Hughes-Pension Suit,0358SAN FRANCISCO (AP) - A federal appeals court has revived a retirees' lawsuit seeking to share in a nearly $1 billion pension surplus from Hughes Aircraft Corp.
A group of five former Hughes employees, seeking to represent 10,000 retirees, is challenging the company's use of the pension surplus to create an alternative pension plan and an early-retirement program.
The 9th U.S. Circuit Court of Appeals, in a 2-1 ruling Thursday, said federal law restricted the company's use of the money because half of the surplus was allegedly the product of employee contributions.
The 1992-filed suit said Hughes, after being acquired by General Motors Corp., misused money that had accumulated in the pension fund through 1986.
GM recently announced it is selling the defense operations of Hughes to Raytheon Co. in a $9.5 billion deal.
At the time GM acquired Hughes, both the company and employees were required to contribute to the fund, which paid for pensions, automatic cost-of-living increases, and health coverage for retirees.
In 1989, the suit said, Hughes used part of the surplus to fund an early-retirement program, which reduced its payroll costs. In 1991, the company used additional surplus funds to establish an alternative pension system that was mandatory for new employees, the suit said. Employees enrolled in the old pension system were free to switch to the new one.

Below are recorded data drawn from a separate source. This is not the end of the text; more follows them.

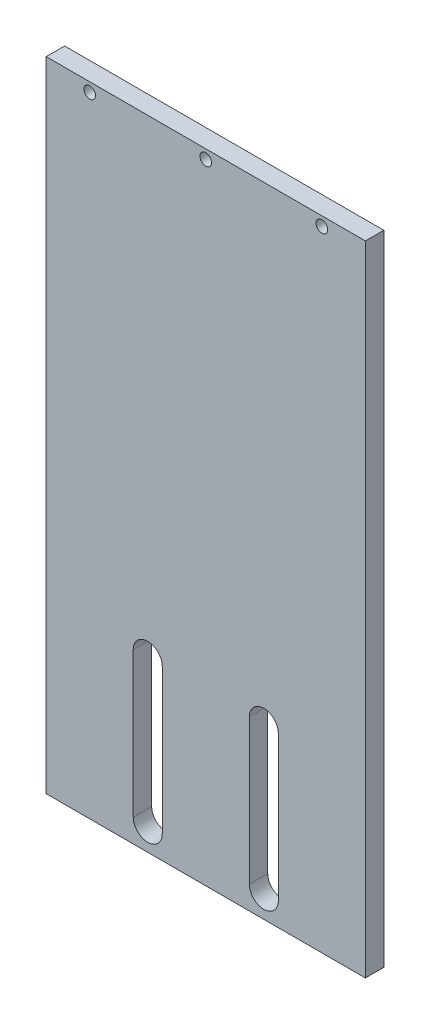
ISO-10303-21;
HEADER;
FILE_DESCRIPTION(('STEP AP214'),'2;1');
FILE_NAME('part.step','',(''),(''),'','','');
FILE_SCHEMA(('AUTOMOTIVE_DESIGN { 1 0 10303 214 1 1 1 1 }'));
ENDSEC;
DATA;
#1=APPLICATION_CONTEXT('core data for automotive mechanical design processes');
#2=APPLICATION_PROTOCOL_DEFINITION('international standard','automotive_design',2000,#1);
#3=PRODUCT_CONTEXT('',#1,'mechanical');
#4=PRODUCT('Part','Part','',(#3));
#5=PRODUCT_RELATED_PRODUCT_CATEGORY('part','',(#4));
#6=PRODUCT_DEFINITION_FORMATION('','',#4);
#7=PRODUCT_DEFINITION_CONTEXT('part definition',#1,'design');
#8=PRODUCT_DEFINITION('design','',#6,#7);
#9=PRODUCT_DEFINITION_SHAPE('','',#8);
#10=(LENGTH_UNIT() NAMED_UNIT(*) SI_UNIT(.MILLI.,.METRE.));
#11=(NAMED_UNIT(*) PLANE_ANGLE_UNIT() SI_UNIT($,.RADIAN.));
#12=(NAMED_UNIT(*) SI_UNIT($,.STERADIAN.) SOLID_ANGLE_UNIT());
#13=UNCERTAINTY_MEASURE_WITH_UNIT(LENGTH_MEASURE(1.E-05),#10,'distance_accuracy_value','');
#14=(GEOMETRIC_REPRESENTATION_CONTEXT(3) GLOBAL_UNCERTAINTY_ASSIGNED_CONTEXT((#13)) GLOBAL_UNIT_ASSIGNED_CONTEXT((#10,
#11,#12)) REPRESENTATION_CONTEXT('',''));
#15=CARTESIAN_POINT('',(0.,0.,0.));
#16=DIRECTION('',(0.,0.,1.));
#17=DIRECTION('',(1.,0.,0.));
#18=AXIS2_PLACEMENT_3D('',#15,#16,#17);
#19=CARTESIAN_POINT('',(0.,0.,6.35));
#20=DIRECTION('',(0.,0.,-1.));
#21=DIRECTION('',(-1.,0.,0.));
#22=AXIS2_PLACEMENT_3D('',#19,#20,#21);
#23=PLANE('',#22);
#24=CARTESIAN_POINT('',(0.,106.825,6.35));
#25=DIRECTION('',(0.,0.,1.));
#26=DIRECTION('',(1.,0.,0.));
#27=AXIS2_PLACEMENT_3D('',#24,#25,#26);
#28=CIRCLE('',#27,2.);
#29=CARTESIAN_POINT('',(2.,106.825,6.35));
#30=VERTEX_POINT('',#29);
#31=EDGE_CURVE('E158',#30,#30,#28,.T.);
#32=ORIENTED_EDGE('',*,*,#31,.F.);
#33=EDGE_LOOP('',(#32));
#34=FACE_BOUND('',#33,.T.);
#35=CARTESIAN_POINT('',(-40.,106.825,6.35));
#36=DIRECTION('',(0.,0.,1.));
#37=DIRECTION('',(1.,0.,0.));
#38=AXIS2_PLACEMENT_3D('',#35,#36,#37);
#39=CIRCLE('',#38,2.);
#40=CARTESIAN_POINT('',(-38.,106.825,6.35));
#41=VERTEX_POINT('',#40);
#42=EDGE_CURVE('E195',#41,#41,#39,.T.);
#43=ORIENTED_EDGE('',*,*,#42,.F.);
#44=EDGE_LOOP('',(#43));
#45=FACE_BOUND('',#44,.T.);
#46=DIRECTION('',(0.,1.,0.));
#47=VECTOR('',#46,1.);
#48=CARTESIAN_POINT('',(55.,-110.,6.35));
#49=LINE('',#48,#47);
#50=CARTESIAN_POINT('',(55.,-110.,6.35));
#51=VERTEX_POINT('',#50);
#52=CARTESIAN_POINT('',(55.,110.,6.35));
#53=VERTEX_POINT('',#52);
#54=EDGE_CURVE('E207',#51,#53,#49,.T.);
#55=ORIENTED_EDGE('',*,*,#54,.T.);
#56=DIRECTION('',(-1.,0.,0.));
#57=VECTOR('',#56,1.);
#58=CARTESIAN_POINT('',(-55.,110.,6.35));
#59=LINE('',#58,#57);
#60=CARTESIAN_POINT('',(-55.,110.,6.35));
#61=VERTEX_POINT('',#60);
#62=EDGE_CURVE('E210',#53,#61,#59,.T.);
#63=ORIENTED_EDGE('',*,*,#62,.T.);
#64=DIRECTION('',(0.,-1.,0.));
#65=VECTOR('',#64,1.);
#66=CARTESIAN_POINT('',(-55.,-110.,6.35));
#67=LINE('',#66,#65);
#68=CARTESIAN_POINT('',(-55.,-110.,6.35));
#69=VERTEX_POINT('',#68);
#70=EDGE_CURVE('E213',#61,#69,#67,.T.);
#71=ORIENTED_EDGE('',*,*,#70,.T.);
#72=DIRECTION('',(1.,0.,0.));
#73=VECTOR('',#72,1.);
#74=CARTESIAN_POINT('',(-55.,-110.,6.35));
#75=LINE('',#74,#73);
#76=EDGE_CURVE('E215',#69,#51,#75,.T.);
#77=ORIENTED_EDGE('',*,*,#76,.T.);
#78=EDGE_LOOP('',(#55,#63,#71,#77));
#79=FACE_BOUND('',#78,.T.);
#80=CARTESIAN_POINT('',(40.,106.825,6.35));
#81=DIRECTION('',(0.,0.,1.));
#82=DIRECTION('',(1.,0.,0.));
#83=AXIS2_PLACEMENT_3D('',#80,#81,#82);
#84=CIRCLE('',#83,2.);
#85=CARTESIAN_POINT('',(42.,106.825,6.35));
#86=VERTEX_POINT('',#85);
#87=EDGE_CURVE('E201',#86,#86,#84,.T.);
#88=ORIENTED_EDGE('',*,*,#87,.F.);
#89=EDGE_LOOP('',(#88));
#90=FACE_BOUND('',#89,.T.);
#91=CARTESIAN_POINT('',(20.,-52.,6.35));
#92=DIRECTION('',(0.,0.,1.));
#93=DIRECTION('',(1.,0.,0.));
#94=AXIS2_PLACEMENT_3D('',#91,#92,#93);
#95=CIRCLE('',#94,5.);
#96=CARTESIAN_POINT('',(25.,-52.,6.35));
#97=VERTEX_POINT('',#96);
#98=CARTESIAN_POINT('',(15.,-52.,6.35));
#99=VERTEX_POINT('',#98);
#100=EDGE_CURVE('E164',#97,#99,#95,.T.);
#101=ORIENTED_EDGE('',*,*,#100,.F.);
#102=DIRECTION('',(0.,1.,0.));
#103=VECTOR('',#102,1.);
#104=CARTESIAN_POINT('',(25.,-102.,6.35));
#105=LINE('',#104,#103);
#106=CARTESIAN_POINT('',(25.,-102.,6.35));
#107=VERTEX_POINT('',#106);
#108=EDGE_CURVE('E172',#107,#97,#105,.T.);
#109=ORIENTED_EDGE('',*,*,#108,.F.);
#110=CARTESIAN_POINT('',(20.,-102.,6.35));
#111=DIRECTION('',(0.,0.,1.));
#112=DIRECTION('',(1.,0.,0.));
#113=AXIS2_PLACEMENT_3D('',#110,#111,#112);
#114=CIRCLE('',#113,5.);
#115=CARTESIAN_POINT('',(15.,-102.,6.35));
#116=VERTEX_POINT('',#115);
#117=EDGE_CURVE('E169',#116,#107,#114,.T.);
#118=ORIENTED_EDGE('',*,*,#117,.F.);
#119=DIRECTION('',(0.,-1.,0.));
#120=VECTOR('',#119,1.);
#121=CARTESIAN_POINT('',(15.,-52.,6.35));
#122=LINE('',#121,#120);
#123=EDGE_CURVE('E166',#99,#116,#122,.T.);
#124=ORIENTED_EDGE('',*,*,#123,.F.);
#125=EDGE_LOOP('',(#101,#109,#118,#124));
#126=FACE_BOUND('',#125,.T.);
#127=CARTESIAN_POINT('',(-20.,-52.,6.35));
#128=DIRECTION('',(0.,0.,1.));
#129=DIRECTION('',(1.,0.,0.));
#130=AXIS2_PLACEMENT_3D('',#127,#128,#129);
#131=CIRCLE('',#130,5.);
#132=CARTESIAN_POINT('',(-15.,-52.,6.35));
#133=VERTEX_POINT('',#132);
#134=CARTESIAN_POINT('',(-25.,-52.,6.35));
#135=VERTEX_POINT('',#134);
#136=EDGE_CURVE('E122',#133,#135,#131,.T.);
#137=ORIENTED_EDGE('',*,*,#136,.F.);
#138=DIRECTION('',(0.,1.,0.));
#139=VECTOR('',#138,1.);
#140=CARTESIAN_POINT('',(-15.,-102.,6.35));
#141=LINE('',#140,#139);
#142=CARTESIAN_POINT('',(-15.,-102.,6.35));
#143=VERTEX_POINT('',#142);
#144=EDGE_CURVE('E144',#143,#133,#141,.T.);
#145=ORIENTED_EDGE('',*,*,#144,.F.);
#146=CARTESIAN_POINT('',(-20.,-102.,6.35));
#147=DIRECTION('',(0.,0.,1.));
#148=DIRECTION('',(1.,0.,0.));
#149=AXIS2_PLACEMENT_3D('',#146,#147,#148);
#150=CIRCLE('',#149,5.);
#151=CARTESIAN_POINT('',(-25.,-102.,6.35));
#152=VERTEX_POINT('',#151);
#153=EDGE_CURVE('E142',#152,#143,#150,.T.);
#154=ORIENTED_EDGE('',*,*,#153,.F.);
#155=DIRECTION('',(0.,-1.,0.));
#156=VECTOR('',#155,1.);
#157=CARTESIAN_POINT('',(-25.,-52.,6.35));
#158=LINE('',#157,#156);
#159=EDGE_CURVE('E130',#135,#152,#158,.T.);
#160=ORIENTED_EDGE('',*,*,#159,.F.);
#161=EDGE_LOOP('',(#137,#145,#154,#160));
#162=FACE_BOUND('',#161,.T.);
#163=ADVANCED_FACE('F33',(#34,#45,#79,#90,#126,#162),#23,.F.);
#164=CARTESIAN_POINT('',(0.,0.,0.));
#165=DIRECTION('',(0.,0.,-1.));
#166=DIRECTION('',(-1.,0.,0.));
#167=AXIS2_PLACEMENT_3D('',#164,#165,#166);
#168=PLANE('',#167);
#169=CARTESIAN_POINT('',(0.,106.825,0.));
#170=DIRECTION('',(0.,0.,1.));
#171=DIRECTION('',(1.,0.,0.));
#172=AXIS2_PLACEMENT_3D('',#169,#170,#171);
#173=CIRCLE('',#172,2.);
#174=CARTESIAN_POINT('',(2.,106.825,0.));
#175=VERTEX_POINT('',#174);
#176=EDGE_CURVE('E138',#175,#175,#173,.T.);
#177=ORIENTED_EDGE('',*,*,#176,.T.);
#178=EDGE_LOOP('',(#177));
#179=FACE_BOUND('',#178,.T.);
#180=CARTESIAN_POINT('',(-40.,106.825,0.));
#181=DIRECTION('',(0.,0.,1.));
#182=DIRECTION('',(1.,0.,0.));
#183=AXIS2_PLACEMENT_3D('',#180,#181,#182);
#184=CIRCLE('',#183,2.);
#185=CARTESIAN_POINT('',(-38.,106.825,0.));
#186=VERTEX_POINT('',#185);
#187=EDGE_CURVE('E194',#186,#186,#184,.T.);
#188=ORIENTED_EDGE('',*,*,#187,.T.);
#189=EDGE_LOOP('',(#188));
#190=FACE_BOUND('',#189,.T.);
#191=DIRECTION('',(0.,1.,0.));
#192=VECTOR('',#191,1.);
#193=CARTESIAN_POINT('',(55.,-110.,0.));
#194=LINE('',#193,#192);
#195=CARTESIAN_POINT('',(55.,-110.,0.));
#196=VERTEX_POINT('',#195);
#197=CARTESIAN_POINT('',(55.,110.,0.));
#198=VERTEX_POINT('',#197);
#199=EDGE_CURVE('E204',#196,#198,#194,.T.);
#200=ORIENTED_EDGE('',*,*,#199,.F.);
#201=DIRECTION('',(1.,0.,0.));
#202=VECTOR('',#201,1.);
#203=CARTESIAN_POINT('',(-55.,-110.,0.));
#204=LINE('',#203,#202);
#205=CARTESIAN_POINT('',(-55.,-110.,0.));
#206=VERTEX_POINT('',#205);
#207=EDGE_CURVE('E211',#206,#196,#204,.T.);
#208=ORIENTED_EDGE('',*,*,#207,.F.);
#209=DIRECTION('',(0.,-1.,0.));
#210=VECTOR('',#209,1.);
#211=CARTESIAN_POINT('',(-55.,-110.,0.));
#212=LINE('',#211,#210);
#213=CARTESIAN_POINT('',(-55.,110.,0.));
#214=VERTEX_POINT('',#213);
#215=EDGE_CURVE('E222',#214,#206,#212,.T.);
#216=ORIENTED_EDGE('',*,*,#215,.F.);
#217=DIRECTION('',(-1.,0.,0.));
#218=VECTOR('',#217,1.);
#219=CARTESIAN_POINT('',(-55.,110.,0.));
#220=LINE('',#219,#218);
#221=EDGE_CURVE('E220',#198,#214,#220,.T.);
#222=ORIENTED_EDGE('',*,*,#221,.F.);
#223=EDGE_LOOP('',(#200,#208,#216,#222));
#224=FACE_BOUND('',#223,.T.);
#225=CARTESIAN_POINT('',(40.,106.825,0.));
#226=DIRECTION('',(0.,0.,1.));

Under the new plan, employees made no contributions, pensions were lower, and neither cost-of-living increases nor health benefits were provided.
The suit accused Hughes of illegally using the pension surplus for its own benefit and effectively terminating the old pension plan. If the plan was found to be terminated, the surplus would have to be distributed to pension plan members.
U.S. District Judge Richard Gadbois of Los Angeles dismissed the suit without a trial but was overruled by the appeals court, which said the retirees had alleged violations of the law and were entitled to try to prove them.